I guess we shouldn't underestimate Jermain's power. Motherfucker is combustible. Some of those body shots he was putting on Winky were ferocious.
Yeah, I felt that Hopkins got hurt far more than he let on (shocking) in the first fight and that governed his approach in the second. He didn't want to go through that again. But there were plenty of times where he controlled the first fight (I feel he won as well) but I guess the cost may have been too steep to continue consistently in that manner.
In other words, regarding Jermaine's power, true true.
First, of all I want to recognize what I believe to be the first use of "Trinidad" as verb. Hopkins cornerman, Nazzim Richardson, I think, who had the booming Brooklyn voice and the lace, Muslim cap exhorted Hopkins between the ninth and the tenth to "Trinidad him." It was an apt shorthand. Although, he didn't have his dad in his corner, Tarver had the lost boy space eyes and shuffle that made perfectly clear even to Buddy McGirt that like Trinidad in '01, he just wanted to go home.
I hate to side with the human speech impediment, but I agree with Larry Merchant that if there's one thing to complain about Bernard, it's that he has never been willing to take the kind of risk necessary to put the knockout exclamation point onto a totally dominant performance--unless the opportunity falls in his lap. Trinidad like a stuttery robot kept coming forward, begging to be put out of his misery. Tarver at McGirt's urging stayed back.
Onto Winky v Jermaine. I think Winky believed that if he didn't take the fight to Taylor, he might get knocked out. Jermaine has a light heavyweight's body and despite his glaring technical flaws, unlike a Mayorga, he can at least throw straight punches and his reflexes and coordination are as good as anyone's. If Taylor sussed that Wright could not hurt him at all, he would have pursued him relentlessly, and Winky does not have a Sugar Ray over Hagler type quickness advantage over Taylor.
Taylor's ability to execute Steward's plan of straight right counters off Winky's jab, was impressive. it showed he was very coachable and has ridiculous hand speed. The thing that hurt Taylor the most was a head butt--Wright's best shots seemed only to annoy him, whereas Taylor's best shots clearly did serious damage. Winky is clever about attacking while wounded, but there were points when he looked badly hurt.
If there's a rematch and Taylor stays with Steward, I think he knocks Winky out.
CI loves Jermain almost as much as Jim Lampley does.
I am not convinced that Jermain's swollen eye was caused by a headbutt. Never trust what Lennox has to say about anything.
I did not see any points in the fight where Winky looked "badly" hurt. Stunned a few times, but never wobbled.

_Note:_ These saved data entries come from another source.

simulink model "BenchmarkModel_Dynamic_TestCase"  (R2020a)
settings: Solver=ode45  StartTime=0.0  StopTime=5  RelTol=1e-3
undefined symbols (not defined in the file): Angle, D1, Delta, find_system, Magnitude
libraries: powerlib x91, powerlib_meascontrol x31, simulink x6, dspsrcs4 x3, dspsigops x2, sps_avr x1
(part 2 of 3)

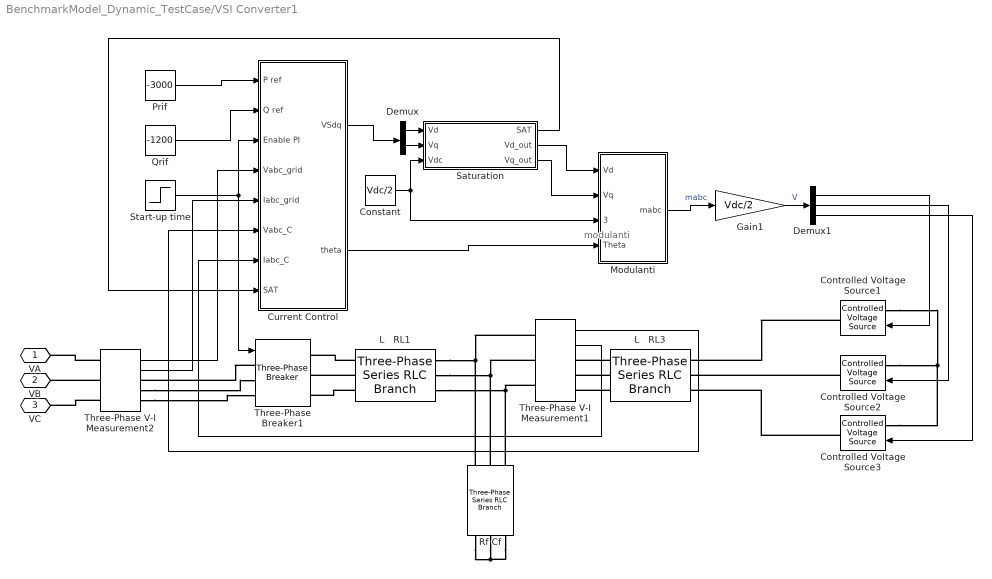
== system BenchmarkModel_Dynamic_TestCase/VSI Converter1 ==
  note: modulanti
  Constant : Constant  Value=Vdc/2
  Controlled Voltage Source1 : powerlib/Electrical Sources/Controlled Voltage Source  Initialize=on  Source_Type=DC  Amplitude=0  Phase=0  Frequency=0  Measurements=None
  Controlled Voltage Source2 : powerlib/Electrical Sources/Controlled Voltage Source  Initialize=on  Source_Type=DC  Amplitude=0  Phase=0  Frequency=0  Measurements=None
  Controlled Voltage Source3 : powerlib/Electrical Sources/Controlled Voltage Source  Initialize=on  Source_Type=DC  Amplitude=0  Phase=0  Frequency=0  Measurements=None
  Current Control : Subsystem
  Demux : Demux  Outputs=2
  Demux1 : Demux  Outputs=3
  Gain1 : Gain  Gain=Vdc/2
  L	  RL1 : powerlib/Elements/Three-Phase Series RLC Branch  LConnTagsString=A|B|C  RConnTagsString=A|B|C  BranchType=L  Resistance=0  Inductance=Lf  Capacitance=100e-6  Measurements=Branch voltages
  L	  RL3 : powerlib/Elements/Three-Phase Series RLC Branch  LConnTagsString=A|B|C  RConnTagsString=A|B|C  BranchType=RL  Resistance=10e-3  Inductance=L1t  Capacitance=100e-6  Measurements=None
  Modulanti : Subsystem
  Prif : Constant  Value=-3000
  Qrif : Constant  Value=-1200
  "Rf Cf  " : powerlib/Elements/Three-Phase Series RLC Branch  LConnTagsString=A|B|C  RConnTagsString=A|B|C  BranchType=RC  Resistance=1e-3  Inductance=1e-3  Capacitance=Cf  Measurements=Branch voltages
  Saturation : MATLAB Function  TreatAsAtomicUnit=on
  Start-up time : Step  Time=0.05  SampleTime=0
  Three-Phase V-I Measurement1 : powerlib/Measurements/Three-Phase V-I Measurement  VoltageMeasurement=phase-to-phase  SetLabelV=off  LabelV=Vabc  Vpu=off  VpuLL=off  CurrentMeasurement=yes  SetLabelI=off  LabelI=Iabc  Ipu=off  Pbase=100e6  Vbase=500e3  OutputType=Complex  PhasorSimulation=off  PSBequivalent=0
  Three-Phase V-I Measurement2 : powerlib/Measurements/Three-Phase V-I Measurement  VoltageMeasurement=phase-to-phase  SetLabelV=off  LabelV=Vabc  Vpu=off  VpuLL=off  CurrentMeasurement=yes  SetLabelI=off  LabelI=Iabc  Ipu=off  Pbase=100e6  Vbase=500e3  OutputType=Complex  PhasorSimulation=off  PSBequivalent=0
  Three-Phase Breaker1 : powerlib/Elements/Three-Phase Breaker  InitialState=open  SwitchA=on  SwitchB=on  SwitchC=on  SwitchTimes="[1/60  5/60]"  External=on  BreakerResistance=0.001  SnubberResistance=1e6  SnubberCapacitance=inf  Measurements=None
  VA : PMIOPort  Side=Left
  VB : PMIOPort  Port=2  Side=Left
  VC : PMIOPort  Port=3  Side=Left
  wires:
  Constant/1 -> Modulanti/3(Vdcbus), Saturation/3(Vdc)
  Saturation/1(SAT) -> Current Control/8(SAT)
  Start-up time/1 -> Three-Phase Breaker1/1, Current Control/3(Enable PI)
  Current Control/1(VSdq) -> Demux/1
  Demux/1 -> Saturation/1(Vd)
  Demux/2 -> Saturation/2(Vq)
  Saturation/2(Vd_out) -> Modulanti/1(Vd)
  Saturation/3(Vq_out) -> Modulanti/2(Vq)
  Modulanti/1(mabc) -> Gain1/1  "mabc"
  Demux1/1 -> Controlled Voltage Source1/1
  Demux1/2 -> Controlled Voltage Source2/1
  Demux1/3 -> Controlled Voltage Source3/1
  Gain1/1 -> Demux1/1  "V"
  Prif/1 -> Current Control/1(P ref)
  Qrif/1 -> Current Control/2(Q ref)
  Three-Phase V-I Measurement2/2 -> Current Control/5(Iabc_grid)
  Three-Phase V-I Measurement2/1 -> Current Control/4(Vabc_grid)
  Three-Phase V-I Measurement1/2 -> Current Control/7(Iabc_C)
  Three-Phase V-I Measurement1/1 -> Current Control/6(Vabc_C)
  Current Control/2(theta) -> Modulanti/4(Theta)
  connections:
  L	  RL1/LConn3 -- Three-Phase V-I Measurement1/LConn3 -- "Rf Cf  "/LConn3
  "Rf Cf  "/RConn1 -- "Rf Cf  "/RConn3 -- "Rf Cf  "/RConn2
  L	  RL1/LConn1 -- Three-Phase V-I Measurement1/LConn1 -- "Rf Cf  "/LConn1
  L	  RL1/LConn2 -- Three-Phase V-I Measurement1/LConn2 -- "Rf Cf  "/LConn2
  Controlled Voltage Source3/RConn1 -- L	  RL3/LConn3
  Controlled Voltage Source1/RConn1 -- L	  RL3/LConn1
  L	  RL1/RConn1 -- Three-Phase Breaker1/RConn1
  L	  RL1/RConn2 -- Three-Phase Breaker1/RConn2
  L	  RL1/RConn3 -- Three-Phase Breaker1/RConn3
  Three-Phase V-I Measurement2/LConn3 -- VC/RConn1
  Three-Phase V-I Measurement2/LConn2 -- VB/RConn1
  Three-Phase V-I Measurement2/LConn1 -- VA/RConn1
  Controlled Voltage Source2/LConn1 -- Controlled Voltage Source1/LConn1 -- Controlled Voltage Source3/LConn1
  Controlled Voltage Source2/RConn1 -- L	  RL3/LConn2
  Three-Phase Breaker1/LConn1 -- Three-Phase V-I Measurement2/RConn1
  L	  RL3/RConn1 -- Three-Phase V-I Measurement1/RConn1
  L	  RL3/RConn2 -- Three-Phase V-I Measurement1/RConn2
  L	  RL3/RConn3 -- Three-Phase V-I Measurement1/RConn3
  Three-Phase V-I Measurement2/RConn2 -- Three-Phase Breaker1/LConn2
  Three-Phase V-I Measurement2/RConn3 -- Three-Phase Breaker1/LConn3

== system BenchmarkModel_Dynamic_TestCase/Zero-crossing detector ==
  Ground2 : powerlib/Elements/Ground  LConnTagsString=a
  To Workspace5 : ToWorkspace  VariableName=Crossing_Inv  SaveFormat=Timeseries  SampleTime=-1
  Voltage Measurement2 : powerlib/Measurements/Voltage Measurement  PhasorSimulation=off  OutputType=Complex  PSBequivalent=0
  Zero Crossing1 : dspsigops/Zero Crossing  InputProcessing=Columns as channels (frame based)
      settings: SourceProductBaseCode=DS
  v : PMIOPort  Side=Left
  wires:
  Voltage Measurement2/1 -> Zero Crossing1/1
  Zero Crossing1/1 -> To Workspace5/1
  connections:
  Ground2/LConn1 -- Voltage Measurement2/LConn2
  v/RConn1 -- Voltage Measurement2/LConn1

== system BenchmarkModel_Dynamic_TestCase/ZeroCrossing Detector ==
  Ground1 : powerlib/Elements/Ground  LConnTagsString=a
  To Workspace4 : ToWorkspace  VariableName=Crossing  SaveFormat=Timeseries  SampleTime=-1
  Voltage Measurement1 : powerlib/Measurements/Voltage Measurement  PhasorSimulation=off  OutputType=Complex  PSBequivalent=0
  Zero Crossing : dspsigops/Zero Crossing  InputProcessing=Columns as channels (frame based)
      settings: SourceProductBaseCode=DS
  fr : PMIOPort  Side=Left
  wires:
  Zero Crossing/1 -> To Workspace4/1
  Voltage Measurement1/1 -> Zero Crossing/1
  connections:
  Ground1/LConn1 -- Voltage Measurement1/LConn2
  fr/RConn1 -- Voltage Measurement1/LConn1

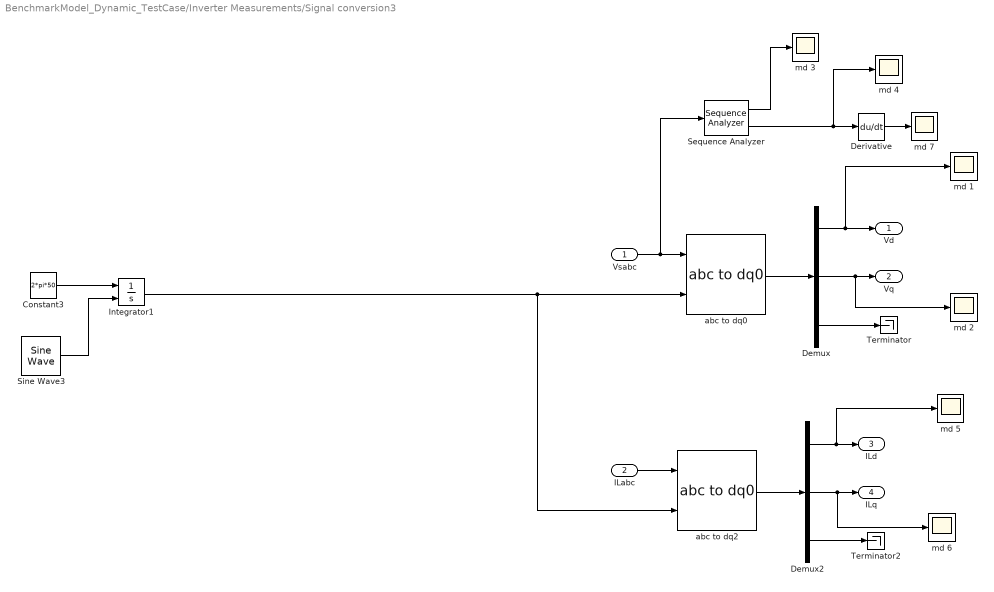
== system BenchmarkModel_Dynamic_TestCase/Inverter Measurements/Signal conversion3 ==
  Vsabc : Inport
  ILabc : Inport  Port=2
  Constant3 : Constant  Value=2*pi*50
  Demux : Demux  Outputs=3
  Demux2 : Demux  Outputs=3
  Derivative : Derivative
  Integrator1 : Integrator  ExternalReset=rising
  Sequence Analyzer : powerlib_meascontrol/Measurements/Sequence Analyzer  Freq=50  n=1  seq=Positive Negative Zero  InInit=[1, 0]  Ts=0
      settings: SourceProductBaseCode=PS
  Sine Wave3 : dspsrcs4/Sine Wave  Amplitude=1  Frequency=50  Phase=0  SampleMode=Continuous  OutComplex=Real  CompMethod=Trigonometric fcn  TableSize=Speed  SampleTime=5e-6  SamplesPerFrame=1  ResetState=Restart at time zero  OutputFrames=on  dataType=double  wordLen=16  udDataType=sfix(16)  fracBitsMode=Best precision  numFracBits=15  OutDataTypeStr=double  LastOutDataTypeStr=double
  Terminator : Terminator
  Terminator2 : Terminator
  abc to dq0 : powerlib_meascontrol/Transformations/abc to dq0  Alignment=90 degrees behind phase A axis
  abc to dq2 : powerlib_meascontrol/Transformations/abc to dq0  Alignment=90 degrees behind phase A axis
  md {1..7} (7 alike) : Scope
  Vd : Outport
  Vq : Outport  Port=2
  ILd : Outport  Port=3
  ILq : Outport  Port=4
  wires:
  Vsabc/1 -> Sequence Analyzer/1, abc to dq0/1
  Demux2/1 -> ILd/1, md 5/1
  Integrator1/1 -> abc to dq2/2, abc to dq0/2
  ILabc/1 -> abc to dq2/1
  Demux2/3 -> Terminator2/1
  Demux/3 -> Terminator/1
  Constant3/1 -> Integrator1/1
  abc to dq0/1 -> Demux/1
  abc to dq2/1 -> Demux2/1
  Demux/1 -> Vd/1, md 1/1
  Demux/2 -> Vq/1, md 2/1
  Demux2/2 -> ILq/1, md 6/1
  Sine Wave3/1 -> Integrator1/2
  Sequence Analyzer/1 -> md 3/1
  Sequence Analyzer/2 -> Derivative/1, md 4/1
  Derivative/1 -> md 7/1

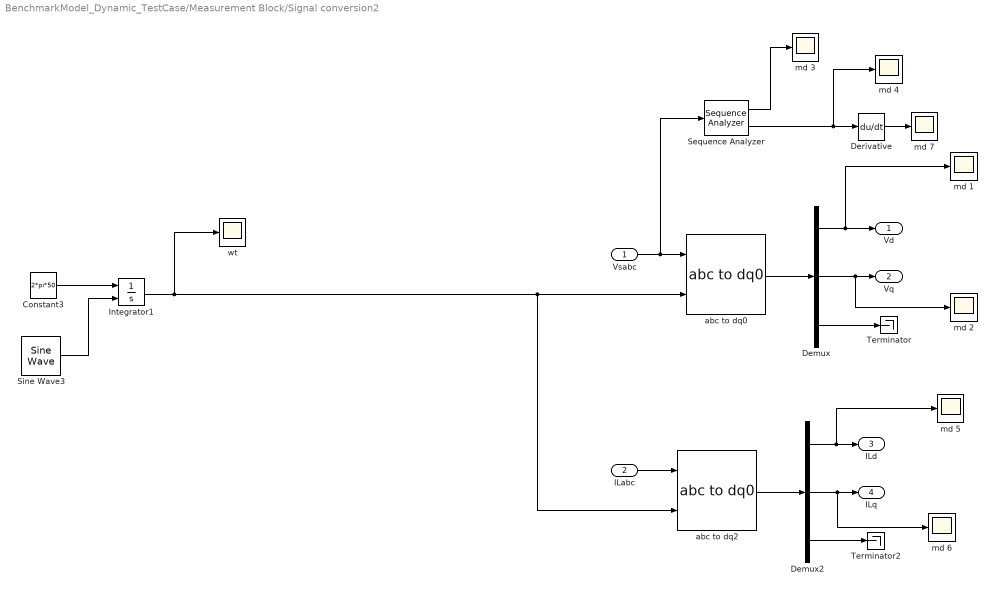
== system BenchmarkModel_Dynamic_TestCase/Measurement Block/Signal conversion2 ==
  Vsabc : Inport
  ILabc : Inport  Port=2
  Constant3 : Constant  Value=2*pi*50
  Demux : Demux  Outputs=3
  Demux2 : Demux  Outputs=3
  Derivative : Derivative
  Integrator1 : Integrator  ExternalReset=rising
  Sequence Analyzer : powerlib_meascontrol/Measurements/Sequence Analyzer  Freq=50  n=1  seq=Positive Negative Zero  InInit=[1, 0]  Ts=0
      settings: SourceProductBaseCode=PS
  Sine Wave3 : dspsrcs4/Sine Wave  Amplitude=1  Frequency=50  Phase=0  SampleMode=Continuous  OutComplex=Real  CompMethod=Trigonometric fcn  TableSize=Speed  SampleTime=5e-6  SamplesPerFrame=1  ResetState=Restart at time zero  OutputFrames=on  dataType=double  wordLen=16  udDataType=sfix(16)  fracBitsMode=Best precision  numFracBits=15  OutDataTypeStr=double  LastOutDataTypeStr=double
  Terminator : Terminator
  Terminator2 : Terminator
  abc to dq0 : powerlib_meascontrol/Transformations/abc to dq0  Alignment=90 degrees behind phase A axis
  abc to dq2 : powerlib_meascontrol/Transformations/abc to dq0  Alignment=90 degrees behind phase A axis
  md {1..7} (7 alike) : Scope
  wt : Scope
  Vd : Outport
  Vq : Outport  Port=2
  ILd : Outport  Port=3
  ILq : Outport  Port=4
  wires:
  Vsabc/1 -> Sequence Analyzer/1, abc to dq0/1
  Demux2/1 -> ILd/1, md 5/1
  Integrator1/1 -> abc to dq2/2, abc to dq0/2, wt/1
  ILabc/1 -> abc to dq2/1
  Demux2/3 -> Terminator2/1
  Demux/3 -> Terminator/1
  Constant3/1 -> Integrator1/1
  abc to dq0/1 -> Demux/1
  abc to dq2/1 -> Demux2/1
  Demux/1 -> Vd/1, md 1/1
  Demux/2 -> Vq/1, md 2/1
  Demux2/2 -> ILq/1, md 6/1
  Sine Wave3/1 -> Integrator1/2
  Sequence Analyzer/1 -> md 3/1
  Sequence Analyzer/2 -> Derivative/1, md 4/1
  Derivative/1 -> md 7/1

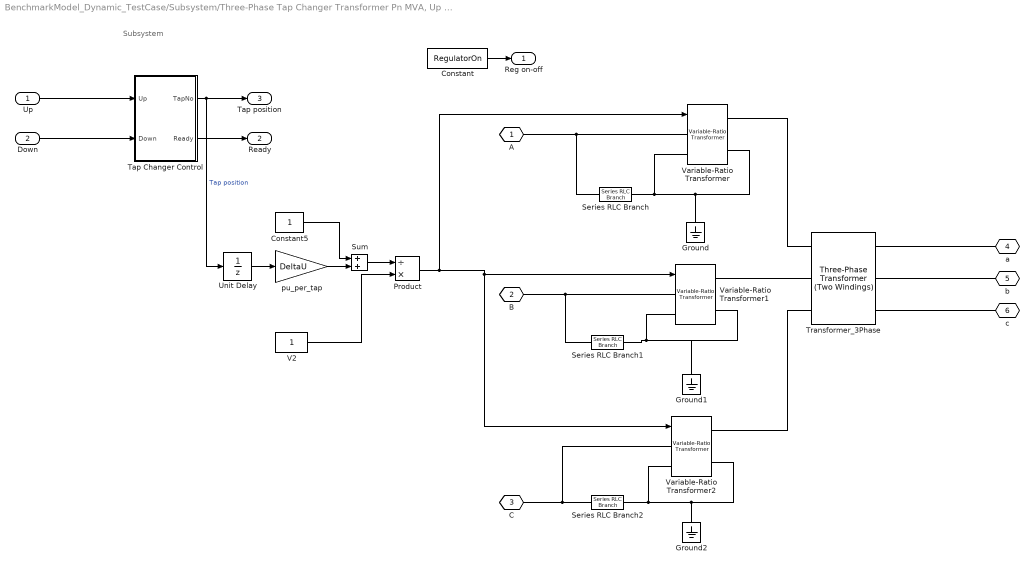
== system BenchmarkModel_Dynamic_TestCase/Subsystem/Three-Phase Tap Changer Transformer Pn MVA, Up // Us kV ==
  note: Subsystem
  Up : Inport
  Down : Inport  Port=2
  Constant : Constant  Value=RegulatorOn
  Constant5 : Constant
  Ground : powerlib/Elements/Ground  LConnTagsString=a
  Ground1 : powerlib/Elements/Ground  LConnTagsString=a
  Ground2 : powerlib/Elements/Ground  LConnTagsString=a
  Product : Product  Inputs=/*
  Series RLC Branch : powerlib/Elements/Series RLC Branch  LConnTagsString=__new0  RConnTagsString=__new0  BranchType=R  Resistance=1e7  Inductance=1e-3  SetiL0=off  InitialCurrent=0  Capacitance=1e-6  Setx0=off  InitialVoltage=0  Measurements=None
  Series RLC Branch1 : powerlib/Elements/Series RLC Branch  LConnTagsString=__new0  RConnTagsString=__new0  BranchType=R  Resistance=1e7  Inductance=1e-3  SetiL0=off  InitialCurrent=0  Capacitance=1e-6  Setx0=off  InitialVoltage=0  Measurements=None
  Series RLC Branch2 : powerlib/Elements/Series RLC Branch  LConnTagsString=__new0  RConnTagsString=__new0  BranchType=R  Resistance=1e7  Inductance=1e-3  SetiL0=off  InitialCurrent=0  Capacitance=1e-6  Setx0=off  InitialVoltage=0  Measurements=None
  Sum : Sum
  Tap Changer Control : Subsystem  mask(Tap Changer Control){MinMaxTap=TapMinMax, InitialPosition=InitialTap, MecDelay=TapSelectionTime}
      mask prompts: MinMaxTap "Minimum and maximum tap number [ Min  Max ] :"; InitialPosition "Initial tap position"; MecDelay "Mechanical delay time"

Obviously if you're going to fight Winky the main thing you need to figure out how to do is counter the jab. I didn't think Jermain did a great job of this, and it would have been worse if Winky was moving a little more. He gave Jermain more of a stationary target than he's ever given anyone. This, I think, is because not only did he want to win the fight, he wanted to become a star in doing it. He wanted to beat Jermain in a brawl that elevated him into the boxing stratosphere and out of the purgatory that he's in - the southpaw with great defense, no knockout power, and a punishing jab. The strategy may have succeeded anyway - this was a more entertaining fight than almost any other Winky fight (although watching him pants Trinidad was pretty entertaining). But he did not win, and I think he coudl have easily outpointed Jermain, who is very clumsy when he has to keep moving to find his opponent - trips over himself all the time in there. I stand by my assessment - if Winky fought that in and out, eat my jab style that used to be his bread and butter, it's a rout.